* **EXERCISE**
Please state the number of lines in the material below that contain "boolean", with no other words.
Start of Block
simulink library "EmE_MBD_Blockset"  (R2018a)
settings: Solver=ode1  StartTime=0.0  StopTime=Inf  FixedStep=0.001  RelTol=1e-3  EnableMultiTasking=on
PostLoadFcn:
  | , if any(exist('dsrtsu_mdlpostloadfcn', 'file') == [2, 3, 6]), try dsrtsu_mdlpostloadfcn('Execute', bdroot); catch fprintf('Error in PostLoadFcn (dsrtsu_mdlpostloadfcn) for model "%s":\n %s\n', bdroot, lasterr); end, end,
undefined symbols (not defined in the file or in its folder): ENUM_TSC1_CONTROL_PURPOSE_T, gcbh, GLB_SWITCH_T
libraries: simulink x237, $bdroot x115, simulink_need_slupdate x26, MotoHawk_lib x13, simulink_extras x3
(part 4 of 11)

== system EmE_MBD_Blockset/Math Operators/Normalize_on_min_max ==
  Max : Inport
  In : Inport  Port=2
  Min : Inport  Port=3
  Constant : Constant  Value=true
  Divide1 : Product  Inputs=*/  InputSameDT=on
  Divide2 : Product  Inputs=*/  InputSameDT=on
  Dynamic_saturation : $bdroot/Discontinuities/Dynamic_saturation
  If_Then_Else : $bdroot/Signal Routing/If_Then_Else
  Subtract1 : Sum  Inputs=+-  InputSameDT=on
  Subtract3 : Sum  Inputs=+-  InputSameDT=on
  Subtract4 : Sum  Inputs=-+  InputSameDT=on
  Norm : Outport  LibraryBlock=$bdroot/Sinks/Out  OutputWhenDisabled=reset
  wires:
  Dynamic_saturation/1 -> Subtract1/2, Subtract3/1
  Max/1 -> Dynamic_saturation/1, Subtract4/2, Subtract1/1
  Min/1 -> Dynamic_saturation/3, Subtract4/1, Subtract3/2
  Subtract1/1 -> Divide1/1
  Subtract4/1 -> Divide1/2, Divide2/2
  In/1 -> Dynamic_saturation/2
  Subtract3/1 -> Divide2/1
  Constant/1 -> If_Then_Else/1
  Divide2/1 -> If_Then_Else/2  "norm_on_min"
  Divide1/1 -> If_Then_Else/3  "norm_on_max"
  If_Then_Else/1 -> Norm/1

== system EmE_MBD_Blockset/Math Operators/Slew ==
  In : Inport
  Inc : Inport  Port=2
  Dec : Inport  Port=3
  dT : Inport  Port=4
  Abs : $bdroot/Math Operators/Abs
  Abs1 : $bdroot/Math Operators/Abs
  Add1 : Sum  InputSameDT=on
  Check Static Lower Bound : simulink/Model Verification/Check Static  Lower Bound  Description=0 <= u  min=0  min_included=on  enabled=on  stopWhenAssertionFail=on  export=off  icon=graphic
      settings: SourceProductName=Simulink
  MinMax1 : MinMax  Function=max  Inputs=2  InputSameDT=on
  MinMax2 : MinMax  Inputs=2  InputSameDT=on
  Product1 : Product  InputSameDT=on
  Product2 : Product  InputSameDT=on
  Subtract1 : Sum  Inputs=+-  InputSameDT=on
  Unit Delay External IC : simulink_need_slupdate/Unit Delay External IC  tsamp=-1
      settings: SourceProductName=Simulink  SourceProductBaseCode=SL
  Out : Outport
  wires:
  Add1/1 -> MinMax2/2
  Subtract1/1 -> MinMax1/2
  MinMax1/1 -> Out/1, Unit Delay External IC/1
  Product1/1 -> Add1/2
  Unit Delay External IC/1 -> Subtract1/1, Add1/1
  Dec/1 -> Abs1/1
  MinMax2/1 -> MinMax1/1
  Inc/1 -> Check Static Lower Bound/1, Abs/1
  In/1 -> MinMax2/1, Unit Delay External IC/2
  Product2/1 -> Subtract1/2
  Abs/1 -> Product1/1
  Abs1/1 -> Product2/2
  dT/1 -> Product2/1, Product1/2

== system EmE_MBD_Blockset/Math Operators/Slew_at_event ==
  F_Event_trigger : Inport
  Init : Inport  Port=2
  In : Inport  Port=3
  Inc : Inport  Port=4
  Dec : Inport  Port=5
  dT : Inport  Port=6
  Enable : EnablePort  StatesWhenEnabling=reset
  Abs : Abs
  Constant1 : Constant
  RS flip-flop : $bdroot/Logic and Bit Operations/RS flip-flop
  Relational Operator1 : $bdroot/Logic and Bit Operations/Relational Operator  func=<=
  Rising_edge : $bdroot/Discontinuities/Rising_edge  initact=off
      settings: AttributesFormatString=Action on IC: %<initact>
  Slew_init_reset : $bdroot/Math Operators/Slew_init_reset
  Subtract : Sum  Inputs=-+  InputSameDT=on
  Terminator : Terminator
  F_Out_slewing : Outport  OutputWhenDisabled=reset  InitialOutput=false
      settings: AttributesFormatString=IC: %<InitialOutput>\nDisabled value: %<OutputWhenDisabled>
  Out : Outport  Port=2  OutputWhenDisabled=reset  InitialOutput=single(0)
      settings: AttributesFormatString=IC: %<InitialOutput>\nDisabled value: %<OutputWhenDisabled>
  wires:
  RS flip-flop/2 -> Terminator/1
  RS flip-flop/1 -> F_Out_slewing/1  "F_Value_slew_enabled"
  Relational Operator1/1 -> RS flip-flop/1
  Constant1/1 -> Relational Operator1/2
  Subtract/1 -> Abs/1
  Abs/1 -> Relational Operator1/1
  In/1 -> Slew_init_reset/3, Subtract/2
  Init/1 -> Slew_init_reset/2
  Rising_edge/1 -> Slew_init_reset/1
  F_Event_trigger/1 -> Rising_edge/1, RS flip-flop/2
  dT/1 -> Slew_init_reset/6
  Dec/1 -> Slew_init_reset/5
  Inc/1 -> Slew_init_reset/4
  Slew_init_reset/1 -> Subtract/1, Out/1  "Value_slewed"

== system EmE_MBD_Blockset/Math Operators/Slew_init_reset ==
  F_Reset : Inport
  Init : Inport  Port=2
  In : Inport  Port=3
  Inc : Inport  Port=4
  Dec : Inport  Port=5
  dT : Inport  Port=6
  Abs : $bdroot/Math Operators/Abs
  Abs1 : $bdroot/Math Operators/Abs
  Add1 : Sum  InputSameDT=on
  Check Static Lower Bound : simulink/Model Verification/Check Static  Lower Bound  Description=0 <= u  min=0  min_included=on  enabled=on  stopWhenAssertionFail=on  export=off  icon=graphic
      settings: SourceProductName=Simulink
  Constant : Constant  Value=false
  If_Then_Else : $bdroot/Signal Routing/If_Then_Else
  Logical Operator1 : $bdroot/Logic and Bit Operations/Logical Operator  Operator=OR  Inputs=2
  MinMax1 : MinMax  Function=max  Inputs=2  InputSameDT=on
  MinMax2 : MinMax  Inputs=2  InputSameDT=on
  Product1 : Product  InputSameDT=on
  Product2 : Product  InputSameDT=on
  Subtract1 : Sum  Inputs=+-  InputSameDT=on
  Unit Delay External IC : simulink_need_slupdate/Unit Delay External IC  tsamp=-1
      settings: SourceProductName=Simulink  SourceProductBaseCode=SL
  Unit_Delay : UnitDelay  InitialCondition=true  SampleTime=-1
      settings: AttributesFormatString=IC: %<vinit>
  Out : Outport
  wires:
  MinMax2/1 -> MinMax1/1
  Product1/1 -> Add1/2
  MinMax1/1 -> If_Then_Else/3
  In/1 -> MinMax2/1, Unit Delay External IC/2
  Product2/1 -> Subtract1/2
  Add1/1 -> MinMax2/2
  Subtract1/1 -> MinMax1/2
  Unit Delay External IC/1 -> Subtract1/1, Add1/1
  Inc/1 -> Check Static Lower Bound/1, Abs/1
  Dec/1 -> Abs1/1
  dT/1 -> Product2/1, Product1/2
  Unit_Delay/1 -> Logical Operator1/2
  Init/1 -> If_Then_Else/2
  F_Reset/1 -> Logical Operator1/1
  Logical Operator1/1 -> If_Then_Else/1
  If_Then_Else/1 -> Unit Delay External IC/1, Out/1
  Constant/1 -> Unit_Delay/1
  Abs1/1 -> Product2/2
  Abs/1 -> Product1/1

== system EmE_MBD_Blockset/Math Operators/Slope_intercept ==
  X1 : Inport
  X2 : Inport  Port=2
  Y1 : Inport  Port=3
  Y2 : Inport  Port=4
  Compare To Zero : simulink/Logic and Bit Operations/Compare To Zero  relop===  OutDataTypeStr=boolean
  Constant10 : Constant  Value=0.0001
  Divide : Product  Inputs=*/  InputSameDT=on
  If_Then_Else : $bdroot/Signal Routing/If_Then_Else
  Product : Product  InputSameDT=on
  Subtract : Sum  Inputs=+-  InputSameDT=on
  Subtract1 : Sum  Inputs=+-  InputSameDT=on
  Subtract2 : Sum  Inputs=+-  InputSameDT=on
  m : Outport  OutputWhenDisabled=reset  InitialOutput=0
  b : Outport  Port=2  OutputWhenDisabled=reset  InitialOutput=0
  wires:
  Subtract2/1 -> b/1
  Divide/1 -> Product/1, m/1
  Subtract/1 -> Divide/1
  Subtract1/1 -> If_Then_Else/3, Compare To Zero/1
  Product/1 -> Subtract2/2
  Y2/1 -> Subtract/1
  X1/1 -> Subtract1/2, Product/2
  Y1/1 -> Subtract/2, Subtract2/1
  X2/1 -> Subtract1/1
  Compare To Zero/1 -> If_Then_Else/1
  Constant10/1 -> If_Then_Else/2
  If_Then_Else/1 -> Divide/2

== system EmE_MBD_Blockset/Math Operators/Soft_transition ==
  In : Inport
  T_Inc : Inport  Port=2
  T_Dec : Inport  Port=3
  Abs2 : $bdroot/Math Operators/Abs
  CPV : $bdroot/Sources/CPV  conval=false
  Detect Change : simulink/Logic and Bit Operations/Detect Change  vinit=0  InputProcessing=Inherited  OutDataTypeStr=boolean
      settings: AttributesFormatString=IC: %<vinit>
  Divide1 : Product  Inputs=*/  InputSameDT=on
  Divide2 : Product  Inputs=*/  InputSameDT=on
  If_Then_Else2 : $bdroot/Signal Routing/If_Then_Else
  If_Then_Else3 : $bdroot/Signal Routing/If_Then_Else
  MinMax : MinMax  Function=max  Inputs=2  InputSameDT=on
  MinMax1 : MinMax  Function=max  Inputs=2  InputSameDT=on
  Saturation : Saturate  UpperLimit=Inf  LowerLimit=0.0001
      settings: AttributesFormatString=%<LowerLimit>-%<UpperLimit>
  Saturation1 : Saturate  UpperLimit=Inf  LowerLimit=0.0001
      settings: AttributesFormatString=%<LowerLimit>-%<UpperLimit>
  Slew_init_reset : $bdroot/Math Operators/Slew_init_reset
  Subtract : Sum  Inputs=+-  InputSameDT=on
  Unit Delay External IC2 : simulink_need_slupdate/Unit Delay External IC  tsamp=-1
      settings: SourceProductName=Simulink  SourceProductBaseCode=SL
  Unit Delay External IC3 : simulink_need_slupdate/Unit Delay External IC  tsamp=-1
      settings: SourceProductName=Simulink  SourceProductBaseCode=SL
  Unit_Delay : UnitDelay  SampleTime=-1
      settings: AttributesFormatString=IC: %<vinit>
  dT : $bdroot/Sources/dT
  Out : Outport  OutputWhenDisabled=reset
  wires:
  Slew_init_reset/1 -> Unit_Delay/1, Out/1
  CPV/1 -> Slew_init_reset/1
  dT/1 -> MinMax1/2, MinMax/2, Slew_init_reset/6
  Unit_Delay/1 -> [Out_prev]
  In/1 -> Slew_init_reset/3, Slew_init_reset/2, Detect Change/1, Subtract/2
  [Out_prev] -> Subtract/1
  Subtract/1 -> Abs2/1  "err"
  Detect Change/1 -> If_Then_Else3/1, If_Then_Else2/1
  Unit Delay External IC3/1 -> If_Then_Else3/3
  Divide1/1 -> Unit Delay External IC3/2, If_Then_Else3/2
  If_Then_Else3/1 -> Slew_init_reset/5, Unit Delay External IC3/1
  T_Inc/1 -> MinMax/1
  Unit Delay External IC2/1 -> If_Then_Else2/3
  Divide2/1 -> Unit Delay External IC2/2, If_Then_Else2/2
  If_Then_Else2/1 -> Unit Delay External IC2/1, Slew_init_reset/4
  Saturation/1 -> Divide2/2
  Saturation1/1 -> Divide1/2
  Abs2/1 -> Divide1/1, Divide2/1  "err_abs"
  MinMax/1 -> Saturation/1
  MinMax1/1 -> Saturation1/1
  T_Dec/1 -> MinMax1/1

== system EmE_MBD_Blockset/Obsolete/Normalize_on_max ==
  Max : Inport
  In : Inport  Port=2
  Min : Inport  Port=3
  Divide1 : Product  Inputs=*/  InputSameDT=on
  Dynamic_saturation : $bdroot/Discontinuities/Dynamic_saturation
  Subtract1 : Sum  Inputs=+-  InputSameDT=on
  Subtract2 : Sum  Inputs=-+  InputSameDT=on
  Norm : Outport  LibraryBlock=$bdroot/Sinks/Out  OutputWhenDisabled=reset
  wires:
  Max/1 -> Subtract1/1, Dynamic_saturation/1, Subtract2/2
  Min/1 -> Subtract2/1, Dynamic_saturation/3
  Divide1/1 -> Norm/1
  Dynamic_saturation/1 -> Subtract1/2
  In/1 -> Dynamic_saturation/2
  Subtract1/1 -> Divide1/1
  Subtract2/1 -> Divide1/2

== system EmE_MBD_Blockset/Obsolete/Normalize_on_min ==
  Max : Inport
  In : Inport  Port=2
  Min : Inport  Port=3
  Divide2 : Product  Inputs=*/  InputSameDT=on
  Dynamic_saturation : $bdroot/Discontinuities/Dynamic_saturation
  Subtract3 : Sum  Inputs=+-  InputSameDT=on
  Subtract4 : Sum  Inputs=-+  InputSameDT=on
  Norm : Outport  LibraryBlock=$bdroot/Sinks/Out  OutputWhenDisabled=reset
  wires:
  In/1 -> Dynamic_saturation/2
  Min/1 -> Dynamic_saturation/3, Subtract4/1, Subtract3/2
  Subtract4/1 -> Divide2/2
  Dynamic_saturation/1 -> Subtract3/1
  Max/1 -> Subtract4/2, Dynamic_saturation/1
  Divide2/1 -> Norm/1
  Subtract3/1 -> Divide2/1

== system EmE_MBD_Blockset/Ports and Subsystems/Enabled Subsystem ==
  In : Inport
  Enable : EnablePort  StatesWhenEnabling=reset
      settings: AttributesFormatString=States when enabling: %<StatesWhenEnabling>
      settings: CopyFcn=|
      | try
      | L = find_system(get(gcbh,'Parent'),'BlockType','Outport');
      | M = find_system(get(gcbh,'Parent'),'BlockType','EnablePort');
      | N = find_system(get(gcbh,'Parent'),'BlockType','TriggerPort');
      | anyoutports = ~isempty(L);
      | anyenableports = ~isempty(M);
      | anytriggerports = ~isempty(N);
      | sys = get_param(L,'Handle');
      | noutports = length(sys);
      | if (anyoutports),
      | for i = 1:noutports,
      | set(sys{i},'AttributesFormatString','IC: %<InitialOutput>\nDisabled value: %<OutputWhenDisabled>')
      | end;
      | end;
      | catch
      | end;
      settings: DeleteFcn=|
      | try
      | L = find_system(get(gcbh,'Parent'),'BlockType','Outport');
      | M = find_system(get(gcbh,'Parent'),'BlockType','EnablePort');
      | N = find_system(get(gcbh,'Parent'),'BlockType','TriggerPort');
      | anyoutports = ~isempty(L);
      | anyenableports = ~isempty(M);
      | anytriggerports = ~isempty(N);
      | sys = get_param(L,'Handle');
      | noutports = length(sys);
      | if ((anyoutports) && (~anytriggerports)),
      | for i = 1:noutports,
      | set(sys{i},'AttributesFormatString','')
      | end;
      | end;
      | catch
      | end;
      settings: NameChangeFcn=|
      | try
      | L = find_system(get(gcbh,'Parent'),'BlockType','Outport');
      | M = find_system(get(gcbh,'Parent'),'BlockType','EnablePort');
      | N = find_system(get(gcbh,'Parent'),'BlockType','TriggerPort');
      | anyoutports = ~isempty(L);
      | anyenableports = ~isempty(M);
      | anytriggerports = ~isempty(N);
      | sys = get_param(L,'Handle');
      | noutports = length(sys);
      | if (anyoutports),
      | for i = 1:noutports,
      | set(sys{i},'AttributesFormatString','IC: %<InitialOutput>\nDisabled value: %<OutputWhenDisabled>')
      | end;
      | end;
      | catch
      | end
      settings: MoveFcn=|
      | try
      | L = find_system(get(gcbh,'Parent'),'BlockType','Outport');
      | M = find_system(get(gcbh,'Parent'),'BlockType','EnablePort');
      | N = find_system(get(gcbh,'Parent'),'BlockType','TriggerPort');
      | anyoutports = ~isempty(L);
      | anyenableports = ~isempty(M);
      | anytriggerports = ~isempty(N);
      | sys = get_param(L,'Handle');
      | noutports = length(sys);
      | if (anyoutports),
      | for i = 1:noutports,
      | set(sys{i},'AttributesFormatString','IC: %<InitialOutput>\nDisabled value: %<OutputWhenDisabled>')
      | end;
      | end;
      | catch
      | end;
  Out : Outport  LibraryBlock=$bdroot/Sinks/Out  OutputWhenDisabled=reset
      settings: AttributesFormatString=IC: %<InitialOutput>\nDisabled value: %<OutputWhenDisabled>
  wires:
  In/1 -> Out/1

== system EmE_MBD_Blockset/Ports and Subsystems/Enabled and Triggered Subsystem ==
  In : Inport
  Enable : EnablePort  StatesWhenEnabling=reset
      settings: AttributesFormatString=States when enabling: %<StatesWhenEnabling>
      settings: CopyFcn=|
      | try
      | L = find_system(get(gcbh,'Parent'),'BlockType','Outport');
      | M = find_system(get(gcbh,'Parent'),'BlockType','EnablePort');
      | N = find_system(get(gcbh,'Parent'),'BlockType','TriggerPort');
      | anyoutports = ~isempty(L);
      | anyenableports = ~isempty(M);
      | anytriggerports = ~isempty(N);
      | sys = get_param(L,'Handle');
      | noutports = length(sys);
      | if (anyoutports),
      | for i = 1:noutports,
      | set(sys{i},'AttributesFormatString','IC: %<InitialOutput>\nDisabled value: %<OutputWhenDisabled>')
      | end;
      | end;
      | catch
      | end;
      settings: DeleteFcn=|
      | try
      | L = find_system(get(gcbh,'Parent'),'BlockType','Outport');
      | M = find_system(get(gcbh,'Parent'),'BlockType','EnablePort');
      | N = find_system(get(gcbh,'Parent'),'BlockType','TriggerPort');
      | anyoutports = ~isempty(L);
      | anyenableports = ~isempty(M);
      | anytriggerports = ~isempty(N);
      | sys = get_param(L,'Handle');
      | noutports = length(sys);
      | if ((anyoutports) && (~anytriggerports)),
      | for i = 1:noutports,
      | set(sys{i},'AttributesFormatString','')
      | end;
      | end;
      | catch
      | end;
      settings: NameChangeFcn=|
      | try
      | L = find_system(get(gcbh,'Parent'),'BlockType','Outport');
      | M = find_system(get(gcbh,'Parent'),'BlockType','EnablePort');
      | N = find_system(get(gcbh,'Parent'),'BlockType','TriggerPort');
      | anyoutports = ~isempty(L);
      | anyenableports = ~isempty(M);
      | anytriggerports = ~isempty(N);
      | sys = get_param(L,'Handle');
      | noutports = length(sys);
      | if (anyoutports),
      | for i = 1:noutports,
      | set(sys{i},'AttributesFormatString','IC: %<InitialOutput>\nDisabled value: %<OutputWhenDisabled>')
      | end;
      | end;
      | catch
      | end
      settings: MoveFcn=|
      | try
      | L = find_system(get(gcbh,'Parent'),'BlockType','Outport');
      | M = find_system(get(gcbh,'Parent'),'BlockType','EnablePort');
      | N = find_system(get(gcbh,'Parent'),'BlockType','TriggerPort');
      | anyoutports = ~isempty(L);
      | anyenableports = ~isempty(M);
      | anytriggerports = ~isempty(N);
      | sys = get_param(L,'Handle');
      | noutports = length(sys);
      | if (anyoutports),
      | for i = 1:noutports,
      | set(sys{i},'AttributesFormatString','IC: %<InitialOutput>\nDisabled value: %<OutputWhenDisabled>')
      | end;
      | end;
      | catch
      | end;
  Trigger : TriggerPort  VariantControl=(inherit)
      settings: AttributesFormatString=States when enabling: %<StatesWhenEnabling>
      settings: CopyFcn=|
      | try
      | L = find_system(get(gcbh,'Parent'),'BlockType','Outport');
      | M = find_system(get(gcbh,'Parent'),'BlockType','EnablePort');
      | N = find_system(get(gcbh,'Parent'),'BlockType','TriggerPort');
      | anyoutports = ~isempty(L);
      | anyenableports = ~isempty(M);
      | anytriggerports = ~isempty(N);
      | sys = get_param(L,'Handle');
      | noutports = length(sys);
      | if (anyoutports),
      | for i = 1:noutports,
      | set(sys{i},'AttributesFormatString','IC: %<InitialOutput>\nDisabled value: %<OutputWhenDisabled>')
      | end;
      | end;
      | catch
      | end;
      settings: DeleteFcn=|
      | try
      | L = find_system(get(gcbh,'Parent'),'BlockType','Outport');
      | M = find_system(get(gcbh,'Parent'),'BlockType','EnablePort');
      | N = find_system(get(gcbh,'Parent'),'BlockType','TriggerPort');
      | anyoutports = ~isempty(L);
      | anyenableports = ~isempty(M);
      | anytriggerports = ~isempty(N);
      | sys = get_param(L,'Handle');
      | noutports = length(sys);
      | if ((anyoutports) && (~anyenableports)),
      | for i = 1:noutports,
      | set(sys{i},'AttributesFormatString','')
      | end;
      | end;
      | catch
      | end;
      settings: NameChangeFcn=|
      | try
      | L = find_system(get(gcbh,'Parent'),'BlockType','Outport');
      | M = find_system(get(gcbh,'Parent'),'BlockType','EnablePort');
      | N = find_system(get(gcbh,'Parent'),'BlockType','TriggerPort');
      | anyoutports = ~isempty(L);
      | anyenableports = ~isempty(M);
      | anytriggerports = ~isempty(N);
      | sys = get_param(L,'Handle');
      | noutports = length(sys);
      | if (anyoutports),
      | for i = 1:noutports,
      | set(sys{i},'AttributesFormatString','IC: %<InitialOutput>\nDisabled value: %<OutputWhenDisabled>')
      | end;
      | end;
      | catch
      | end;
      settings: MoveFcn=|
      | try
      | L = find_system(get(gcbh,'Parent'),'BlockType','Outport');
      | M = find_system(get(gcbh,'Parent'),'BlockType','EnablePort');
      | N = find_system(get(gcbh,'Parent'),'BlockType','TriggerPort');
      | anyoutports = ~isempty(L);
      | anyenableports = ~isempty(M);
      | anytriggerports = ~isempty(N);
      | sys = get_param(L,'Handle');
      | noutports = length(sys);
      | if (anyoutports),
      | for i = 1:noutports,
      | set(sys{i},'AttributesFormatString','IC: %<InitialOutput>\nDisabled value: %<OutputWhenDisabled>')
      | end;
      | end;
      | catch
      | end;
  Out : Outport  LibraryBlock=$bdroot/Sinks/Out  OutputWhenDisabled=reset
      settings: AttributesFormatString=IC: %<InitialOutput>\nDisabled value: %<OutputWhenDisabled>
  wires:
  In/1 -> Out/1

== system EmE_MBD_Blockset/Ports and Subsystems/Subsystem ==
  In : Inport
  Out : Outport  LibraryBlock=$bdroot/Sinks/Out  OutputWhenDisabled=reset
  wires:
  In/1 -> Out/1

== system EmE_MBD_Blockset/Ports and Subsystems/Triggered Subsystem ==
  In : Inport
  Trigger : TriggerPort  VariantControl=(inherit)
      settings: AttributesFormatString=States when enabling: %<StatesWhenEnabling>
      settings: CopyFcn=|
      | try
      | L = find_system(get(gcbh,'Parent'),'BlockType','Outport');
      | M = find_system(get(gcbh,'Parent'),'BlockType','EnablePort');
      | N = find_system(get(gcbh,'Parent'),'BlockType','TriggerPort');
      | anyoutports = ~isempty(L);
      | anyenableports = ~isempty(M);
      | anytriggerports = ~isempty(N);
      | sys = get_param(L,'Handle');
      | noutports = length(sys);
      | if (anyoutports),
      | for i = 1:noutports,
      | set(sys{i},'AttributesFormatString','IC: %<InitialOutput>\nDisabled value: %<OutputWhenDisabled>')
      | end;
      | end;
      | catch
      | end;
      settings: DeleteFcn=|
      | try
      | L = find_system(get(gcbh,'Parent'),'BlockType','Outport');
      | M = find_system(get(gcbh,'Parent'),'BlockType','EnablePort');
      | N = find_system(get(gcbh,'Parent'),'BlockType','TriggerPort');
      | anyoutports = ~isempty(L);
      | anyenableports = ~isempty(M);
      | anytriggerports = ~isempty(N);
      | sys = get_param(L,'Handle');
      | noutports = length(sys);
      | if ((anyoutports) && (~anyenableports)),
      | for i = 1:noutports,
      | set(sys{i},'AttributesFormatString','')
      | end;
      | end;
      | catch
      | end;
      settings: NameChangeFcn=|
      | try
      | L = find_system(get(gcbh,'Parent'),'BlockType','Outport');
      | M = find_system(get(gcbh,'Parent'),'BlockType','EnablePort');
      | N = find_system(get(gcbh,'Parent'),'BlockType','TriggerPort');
End of Block
* **WRITTEN RESPONSE**
2